The obsession with beauty has been prevalent in society since time immemorial but no culture has embraced beauty and splendour with such fervour like the ancient Egyptians did. A civilization which prided itself on its innovative thinking and creativity were the trendsetters when it came to beautification and body care.
Ancient Egyptian women took pride in attaining beautiful skin and hair and altogether enhancing one’s physical appearance. Modern day civilization owes much of their beauty tips and secrets to the ancient Egyptians who made use of natural materials and resources to create effective beauty recipes and treatments. Today we dig deep into the past to bring you some of the most natural and Today we dig deep into the past to bring you some of the most natural and ancient Egyptian beauty secrets and tips.
Being exposed to the hot and dry climate of the Mediterranean made ancient Egypt take body care and personal hygiene very seriously. Beauty treatments for the skin which were initially used as protection from the hot sun came to be embraced for its prepossessing and beautifying effects. A paste made from Water and Natron (baking soda) was used for its supreme cleansing action on the body and also known to prevent displeasing body odors. The multi-benefits of Dead Sea salt was also recognized and used extensively, most notably by Cleopatra, the legendary Egyptian Queen and celebrated symbol of beauty who would add 1 to 2 cups of the salt to her bath. Known to have a calming effect and combat stress and skin problems like eczema and psoriasis, Dead Sea salt also acted as a natural skin rejuvenator and slowed down skin aging.

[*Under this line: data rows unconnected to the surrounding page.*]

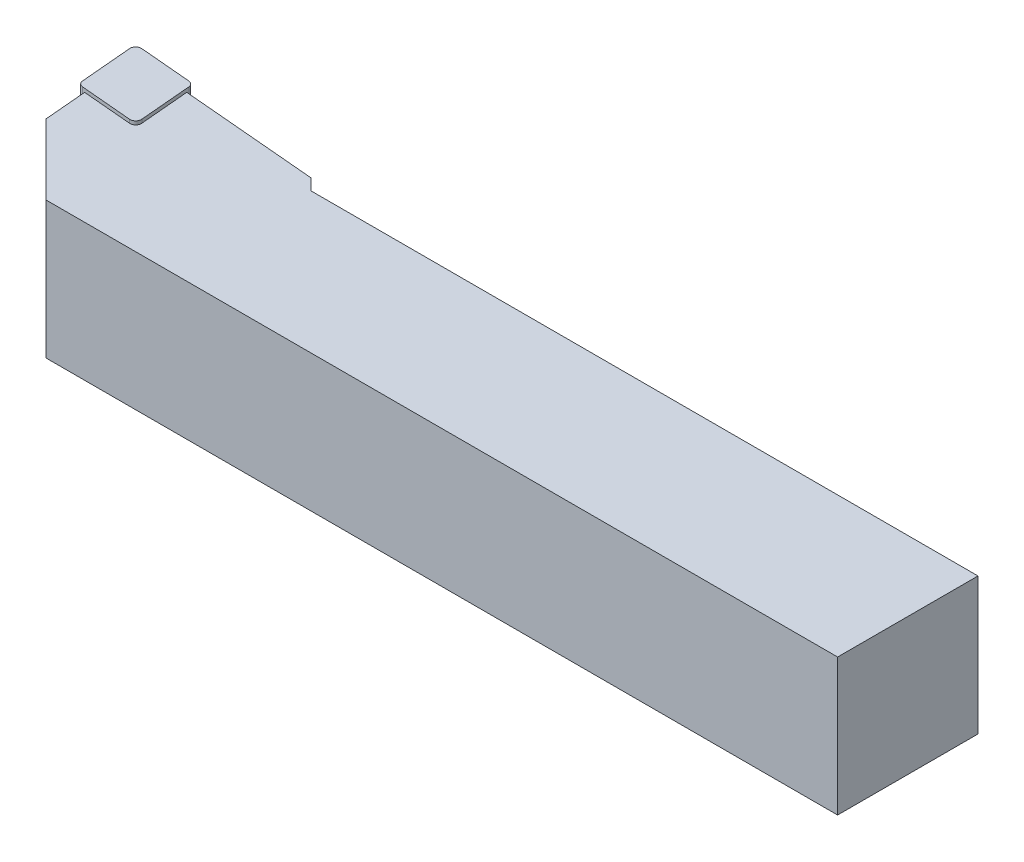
from build123d import *

# Parameters (mm, degrees)
PLAQUETTE_DEPTH  = 4.76
CORPSOUTIL_DEPTH = 19.5


with BuildPart() as part:
    # EsqPlaquette → Plaquette (new body)
    with BuildSketch(Plane(origin=(0, 0, 0), x_dir=(1, 0, 0), z_dir=(0, 1, 0))):
        with BuildLine():
            Line((0.645845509, -8.216976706), (0.003044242, -0.869724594))
            ThreePointArc((0.003044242, -0.869724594), (0.234314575, -0.234314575), (0.869724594, -0.003044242))
            Line((0.869724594, -0.003044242), (8.216976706, -0.645845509))
            ThreePointArc((8.216976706, -0.645845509), (8.712937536, -0.877115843), (8.94420787, -1.373076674))
            Line((8.94420787, -1.373076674), (9.587009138, -8.720328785))
            ThreePointArc((9.587009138, -8.720328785), (9.355738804, -9.355738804), (8.720328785, -9.587009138))
            Line((8.720328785, -9.587009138), (1.373076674, -8.94420787))
            ThreePointArc((1.373076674, -8.94420787), (0.877115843, -8.712937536), (0.645845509, -8.216976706))
        make_face()
    extrude(amount=-PLAQUETTE_DEPTH)

    # EsqCorps → CorpsOutil (add)
    with BuildSketch(Plane(origin=(0, -0.5, 0), x_dir=(-1, 0, 0), z_dir=(0, 1, 0))):
        Polygon((-125, 5), (-125, 25), (-12.224841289, 25), (-2.224841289, 15), (-1, 1), (-28.396919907, 3.396919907), (-30, 5), align=None)
    extrude(amount=-CORPSOUTIL_DEPTH)


solid = part.part

Bathing in milk and honey was highly popular among high-end women who also used this combination as well as a mixture of Honey and Natron as a facial mask. Aloe Vera was of paramount importance used for skin smoothening and healing of minor cuts and burns. Essential and aromatic oils like rosemary, olive oil and almond oil were key ingredients even in the beauty routines of lower class women while fragranced oils like frankincense and myrrh were used to create treasured perfumes.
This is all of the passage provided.